- [TASK DESCRIPTION]:
Your task is to copy the stretch of lines in the records below that begins with the line containing "#115=EDGE_CURVE('E394',#106,#114,#112,.T.);" and ends with the line containing "#124=FACE_BOUND('',#123,.T.);", exactly as written, with nothing added.

Saved data entries
────────────────────────────────────────

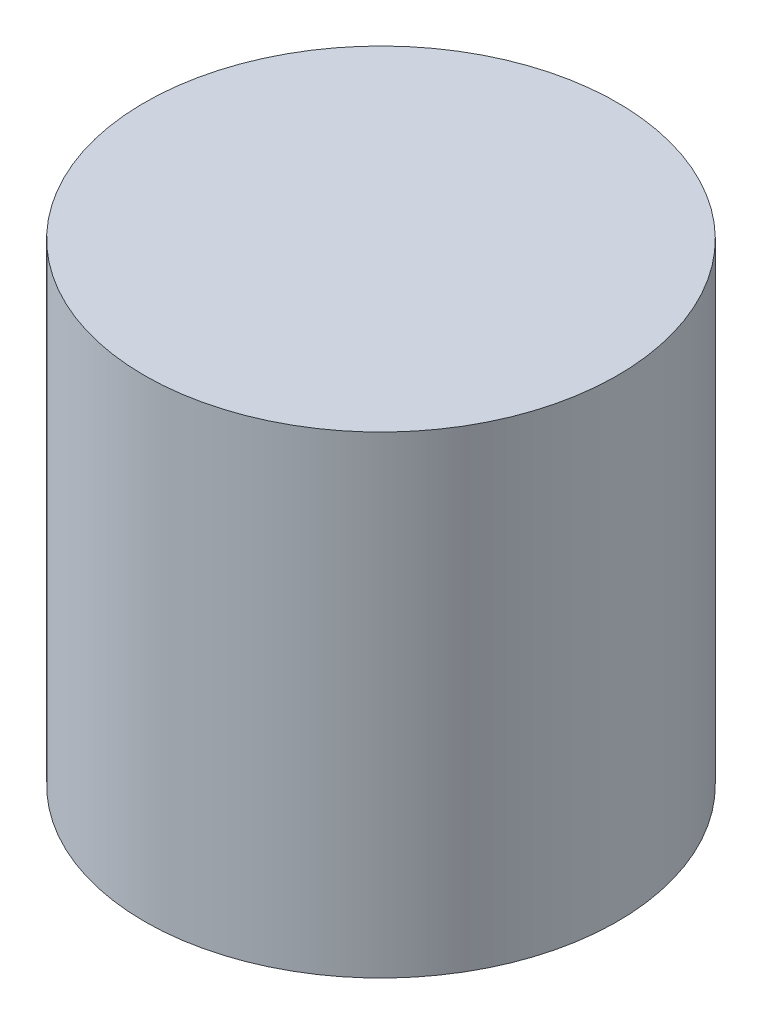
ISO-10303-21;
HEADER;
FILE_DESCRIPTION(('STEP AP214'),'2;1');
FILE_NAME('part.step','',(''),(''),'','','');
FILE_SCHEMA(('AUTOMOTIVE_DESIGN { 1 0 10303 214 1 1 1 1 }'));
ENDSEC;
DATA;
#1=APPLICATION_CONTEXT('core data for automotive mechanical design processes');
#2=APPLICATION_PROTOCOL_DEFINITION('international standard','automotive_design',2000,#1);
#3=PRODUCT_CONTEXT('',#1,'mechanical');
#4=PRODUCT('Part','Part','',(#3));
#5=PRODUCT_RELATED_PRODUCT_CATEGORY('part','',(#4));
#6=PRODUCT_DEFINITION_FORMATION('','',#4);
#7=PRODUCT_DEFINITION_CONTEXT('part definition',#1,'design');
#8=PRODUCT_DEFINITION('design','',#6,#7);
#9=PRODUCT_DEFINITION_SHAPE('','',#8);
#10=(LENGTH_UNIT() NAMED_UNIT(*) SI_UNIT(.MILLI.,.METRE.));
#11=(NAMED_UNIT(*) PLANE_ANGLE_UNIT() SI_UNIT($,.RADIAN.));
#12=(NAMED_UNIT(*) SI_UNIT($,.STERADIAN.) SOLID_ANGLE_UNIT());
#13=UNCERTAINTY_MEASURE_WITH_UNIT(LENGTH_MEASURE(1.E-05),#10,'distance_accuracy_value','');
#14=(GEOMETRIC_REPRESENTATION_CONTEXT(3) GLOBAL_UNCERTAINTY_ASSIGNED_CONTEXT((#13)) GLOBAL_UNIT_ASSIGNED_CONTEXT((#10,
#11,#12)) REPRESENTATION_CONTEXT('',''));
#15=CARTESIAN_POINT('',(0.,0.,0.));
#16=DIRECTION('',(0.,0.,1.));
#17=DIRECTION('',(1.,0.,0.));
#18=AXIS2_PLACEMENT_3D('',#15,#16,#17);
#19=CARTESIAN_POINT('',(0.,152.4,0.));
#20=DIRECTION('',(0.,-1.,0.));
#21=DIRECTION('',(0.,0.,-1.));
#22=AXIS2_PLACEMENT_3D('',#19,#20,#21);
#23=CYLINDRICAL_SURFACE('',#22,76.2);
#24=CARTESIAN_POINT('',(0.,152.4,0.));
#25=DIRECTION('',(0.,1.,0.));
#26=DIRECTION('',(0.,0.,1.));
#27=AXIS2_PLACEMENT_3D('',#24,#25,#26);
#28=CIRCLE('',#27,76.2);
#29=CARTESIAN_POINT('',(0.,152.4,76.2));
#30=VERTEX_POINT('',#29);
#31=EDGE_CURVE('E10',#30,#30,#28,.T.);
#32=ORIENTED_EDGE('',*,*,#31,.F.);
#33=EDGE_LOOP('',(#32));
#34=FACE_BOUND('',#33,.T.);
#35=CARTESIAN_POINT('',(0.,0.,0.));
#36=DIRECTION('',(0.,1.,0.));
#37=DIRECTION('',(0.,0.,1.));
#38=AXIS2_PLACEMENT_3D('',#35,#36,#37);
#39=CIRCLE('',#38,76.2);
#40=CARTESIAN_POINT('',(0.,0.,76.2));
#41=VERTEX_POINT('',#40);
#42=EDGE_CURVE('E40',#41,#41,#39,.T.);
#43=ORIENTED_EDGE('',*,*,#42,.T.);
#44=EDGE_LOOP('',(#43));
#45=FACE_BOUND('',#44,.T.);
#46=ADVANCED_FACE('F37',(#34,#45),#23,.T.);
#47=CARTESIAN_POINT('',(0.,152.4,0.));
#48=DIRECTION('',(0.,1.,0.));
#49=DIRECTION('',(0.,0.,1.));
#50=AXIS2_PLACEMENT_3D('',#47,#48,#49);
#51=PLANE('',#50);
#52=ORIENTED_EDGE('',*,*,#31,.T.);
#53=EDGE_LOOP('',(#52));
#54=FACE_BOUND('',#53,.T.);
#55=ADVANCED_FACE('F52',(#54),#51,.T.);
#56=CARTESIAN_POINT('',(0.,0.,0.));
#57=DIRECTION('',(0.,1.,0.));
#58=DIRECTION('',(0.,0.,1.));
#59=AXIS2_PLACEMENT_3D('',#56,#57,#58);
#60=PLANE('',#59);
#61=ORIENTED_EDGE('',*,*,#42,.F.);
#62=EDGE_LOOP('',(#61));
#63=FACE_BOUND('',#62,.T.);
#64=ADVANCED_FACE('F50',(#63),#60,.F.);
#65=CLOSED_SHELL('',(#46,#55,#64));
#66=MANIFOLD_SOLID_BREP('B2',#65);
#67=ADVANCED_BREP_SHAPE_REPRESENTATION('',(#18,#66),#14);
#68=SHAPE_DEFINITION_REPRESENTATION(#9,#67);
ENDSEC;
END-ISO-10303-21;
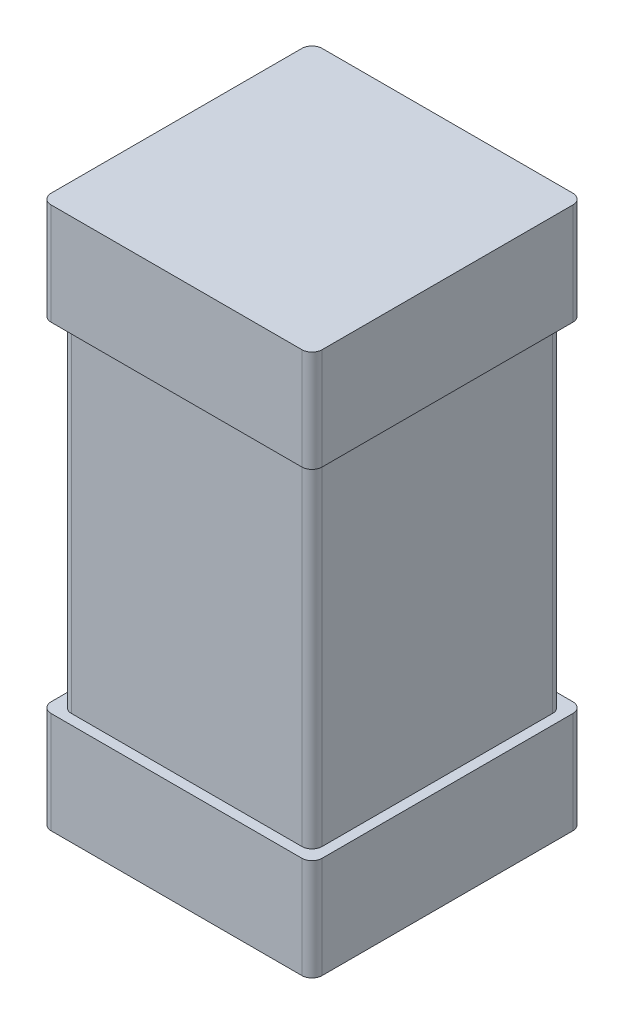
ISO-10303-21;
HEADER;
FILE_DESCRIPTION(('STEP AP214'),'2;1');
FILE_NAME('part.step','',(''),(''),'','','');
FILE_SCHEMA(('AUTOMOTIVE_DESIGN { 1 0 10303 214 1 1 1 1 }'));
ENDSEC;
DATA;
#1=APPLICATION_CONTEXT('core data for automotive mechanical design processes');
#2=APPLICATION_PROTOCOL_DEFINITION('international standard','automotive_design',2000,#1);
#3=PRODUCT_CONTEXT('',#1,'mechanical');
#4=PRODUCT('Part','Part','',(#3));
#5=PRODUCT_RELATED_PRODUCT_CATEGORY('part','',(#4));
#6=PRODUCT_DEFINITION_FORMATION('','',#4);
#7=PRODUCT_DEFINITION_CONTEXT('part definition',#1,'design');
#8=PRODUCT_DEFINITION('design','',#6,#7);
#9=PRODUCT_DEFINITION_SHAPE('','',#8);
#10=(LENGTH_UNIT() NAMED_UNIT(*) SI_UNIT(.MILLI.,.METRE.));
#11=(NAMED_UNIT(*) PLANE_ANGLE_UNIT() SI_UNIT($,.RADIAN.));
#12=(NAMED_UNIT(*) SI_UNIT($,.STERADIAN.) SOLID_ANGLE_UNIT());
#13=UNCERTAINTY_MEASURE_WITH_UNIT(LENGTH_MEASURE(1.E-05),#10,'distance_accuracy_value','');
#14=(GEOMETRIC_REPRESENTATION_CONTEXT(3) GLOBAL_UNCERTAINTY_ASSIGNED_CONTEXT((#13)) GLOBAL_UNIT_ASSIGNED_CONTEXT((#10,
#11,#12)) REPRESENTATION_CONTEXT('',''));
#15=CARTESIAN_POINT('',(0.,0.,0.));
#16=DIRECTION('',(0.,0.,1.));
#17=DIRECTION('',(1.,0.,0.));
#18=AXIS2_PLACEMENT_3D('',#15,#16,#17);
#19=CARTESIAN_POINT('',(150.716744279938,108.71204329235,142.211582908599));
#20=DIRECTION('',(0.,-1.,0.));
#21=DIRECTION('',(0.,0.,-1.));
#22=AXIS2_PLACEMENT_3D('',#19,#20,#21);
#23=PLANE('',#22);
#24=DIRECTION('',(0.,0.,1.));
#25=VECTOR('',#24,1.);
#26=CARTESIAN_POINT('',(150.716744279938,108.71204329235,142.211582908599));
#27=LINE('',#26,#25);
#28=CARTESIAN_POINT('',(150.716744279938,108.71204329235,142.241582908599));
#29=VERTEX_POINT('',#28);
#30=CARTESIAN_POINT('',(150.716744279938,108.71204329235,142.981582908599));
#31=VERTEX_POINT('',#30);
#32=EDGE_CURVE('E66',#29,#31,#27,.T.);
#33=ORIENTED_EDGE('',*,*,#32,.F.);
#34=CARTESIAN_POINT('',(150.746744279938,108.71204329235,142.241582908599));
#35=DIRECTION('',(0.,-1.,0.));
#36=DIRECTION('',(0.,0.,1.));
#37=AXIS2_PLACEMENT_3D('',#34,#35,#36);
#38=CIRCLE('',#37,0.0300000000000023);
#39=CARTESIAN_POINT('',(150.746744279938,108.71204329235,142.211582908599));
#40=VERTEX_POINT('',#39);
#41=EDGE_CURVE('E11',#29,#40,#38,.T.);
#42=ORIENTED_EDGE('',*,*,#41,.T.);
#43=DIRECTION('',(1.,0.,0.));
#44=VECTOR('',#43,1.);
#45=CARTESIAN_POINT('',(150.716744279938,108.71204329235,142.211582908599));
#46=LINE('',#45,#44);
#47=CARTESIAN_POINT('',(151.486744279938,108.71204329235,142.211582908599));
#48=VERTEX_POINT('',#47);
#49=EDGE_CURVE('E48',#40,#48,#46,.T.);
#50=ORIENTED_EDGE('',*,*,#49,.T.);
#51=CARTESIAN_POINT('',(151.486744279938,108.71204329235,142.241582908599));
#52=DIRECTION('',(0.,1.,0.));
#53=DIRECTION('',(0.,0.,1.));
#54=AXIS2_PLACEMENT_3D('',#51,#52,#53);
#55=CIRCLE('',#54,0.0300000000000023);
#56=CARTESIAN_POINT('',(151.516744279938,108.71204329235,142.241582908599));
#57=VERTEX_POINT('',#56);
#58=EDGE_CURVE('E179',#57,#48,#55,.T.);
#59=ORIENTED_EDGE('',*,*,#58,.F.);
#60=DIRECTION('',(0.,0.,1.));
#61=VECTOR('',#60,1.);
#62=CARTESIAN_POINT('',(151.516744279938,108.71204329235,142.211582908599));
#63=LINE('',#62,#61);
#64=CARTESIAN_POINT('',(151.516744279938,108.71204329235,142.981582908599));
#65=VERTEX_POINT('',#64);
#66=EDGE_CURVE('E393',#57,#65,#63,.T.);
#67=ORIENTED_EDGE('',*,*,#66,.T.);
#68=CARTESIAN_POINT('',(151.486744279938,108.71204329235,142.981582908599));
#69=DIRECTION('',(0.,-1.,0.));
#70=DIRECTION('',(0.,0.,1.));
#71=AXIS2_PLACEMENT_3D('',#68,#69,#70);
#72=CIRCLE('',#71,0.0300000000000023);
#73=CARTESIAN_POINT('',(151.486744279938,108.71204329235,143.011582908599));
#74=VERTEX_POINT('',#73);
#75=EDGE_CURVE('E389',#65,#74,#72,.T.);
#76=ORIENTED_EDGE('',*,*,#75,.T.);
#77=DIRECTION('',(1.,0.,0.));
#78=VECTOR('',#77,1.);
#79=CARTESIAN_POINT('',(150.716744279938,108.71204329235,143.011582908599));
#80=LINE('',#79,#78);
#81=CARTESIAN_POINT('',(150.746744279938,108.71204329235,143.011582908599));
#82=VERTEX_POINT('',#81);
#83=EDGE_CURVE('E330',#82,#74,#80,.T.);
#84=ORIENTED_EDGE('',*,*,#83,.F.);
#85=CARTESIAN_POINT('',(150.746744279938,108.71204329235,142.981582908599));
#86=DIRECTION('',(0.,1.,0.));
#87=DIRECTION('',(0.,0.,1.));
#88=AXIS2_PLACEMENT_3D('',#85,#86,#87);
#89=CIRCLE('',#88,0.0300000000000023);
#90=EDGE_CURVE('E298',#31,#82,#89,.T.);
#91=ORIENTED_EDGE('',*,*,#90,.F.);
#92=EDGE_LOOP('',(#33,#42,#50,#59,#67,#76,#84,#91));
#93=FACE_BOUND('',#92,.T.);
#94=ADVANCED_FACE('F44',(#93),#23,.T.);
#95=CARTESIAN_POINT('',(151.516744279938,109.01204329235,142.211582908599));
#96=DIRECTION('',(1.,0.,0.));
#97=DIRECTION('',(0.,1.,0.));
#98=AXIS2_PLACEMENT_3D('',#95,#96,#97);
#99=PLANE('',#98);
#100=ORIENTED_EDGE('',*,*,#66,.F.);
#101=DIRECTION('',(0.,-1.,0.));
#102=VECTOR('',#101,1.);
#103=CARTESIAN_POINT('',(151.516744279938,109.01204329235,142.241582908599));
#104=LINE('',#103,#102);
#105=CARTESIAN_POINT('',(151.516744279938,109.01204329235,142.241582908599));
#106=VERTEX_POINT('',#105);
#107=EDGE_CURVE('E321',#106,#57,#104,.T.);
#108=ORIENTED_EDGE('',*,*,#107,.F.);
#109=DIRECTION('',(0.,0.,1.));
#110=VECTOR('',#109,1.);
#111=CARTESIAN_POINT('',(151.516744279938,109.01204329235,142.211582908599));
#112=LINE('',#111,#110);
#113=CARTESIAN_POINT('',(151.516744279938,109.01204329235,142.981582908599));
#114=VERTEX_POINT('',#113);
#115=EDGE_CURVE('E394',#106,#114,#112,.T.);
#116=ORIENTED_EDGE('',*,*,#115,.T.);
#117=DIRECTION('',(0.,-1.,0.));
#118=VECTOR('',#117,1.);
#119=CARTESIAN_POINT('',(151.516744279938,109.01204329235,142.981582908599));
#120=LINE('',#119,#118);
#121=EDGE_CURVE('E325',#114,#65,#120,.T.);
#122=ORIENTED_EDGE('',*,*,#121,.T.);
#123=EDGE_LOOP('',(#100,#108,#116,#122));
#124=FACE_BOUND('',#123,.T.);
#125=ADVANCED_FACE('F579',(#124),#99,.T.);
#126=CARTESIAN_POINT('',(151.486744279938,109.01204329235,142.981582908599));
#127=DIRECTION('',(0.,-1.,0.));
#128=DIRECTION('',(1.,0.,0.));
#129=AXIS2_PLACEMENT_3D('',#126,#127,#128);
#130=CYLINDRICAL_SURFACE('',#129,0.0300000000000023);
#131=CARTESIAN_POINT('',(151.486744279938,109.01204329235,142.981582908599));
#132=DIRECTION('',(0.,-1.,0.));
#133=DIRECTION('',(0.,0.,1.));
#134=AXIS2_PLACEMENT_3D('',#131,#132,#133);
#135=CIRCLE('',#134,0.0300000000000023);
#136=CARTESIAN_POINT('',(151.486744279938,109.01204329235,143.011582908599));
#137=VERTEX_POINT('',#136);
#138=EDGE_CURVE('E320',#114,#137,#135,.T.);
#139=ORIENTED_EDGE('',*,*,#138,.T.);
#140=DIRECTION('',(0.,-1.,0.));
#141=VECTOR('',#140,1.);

────────────────────────────────────────

- [RESPONSE BOX]:
#115=EDGE_CURVE('E394',#106,#114,#112,.T.);
#116=ORIENTED_EDGE('',*,*,#115,.T.);
#117=DIRECTION('',(0.,-1.,0.));
#118=VECTOR('',#117,1.);
#119=CARTESIAN_POINT('',(151.516744279938,109.01204329235,142.981582908599));
#120=LINE('',#119,#118);
#121=EDGE_CURVE('E325',#114,#65,#120,.T.);
#122=ORIENTED_EDGE('',*,*,#121,.T.);
#123=EDGE_LOOP('',(#100,#108,#116,#122));
#124=FACE_BOUND('',#123,.T.);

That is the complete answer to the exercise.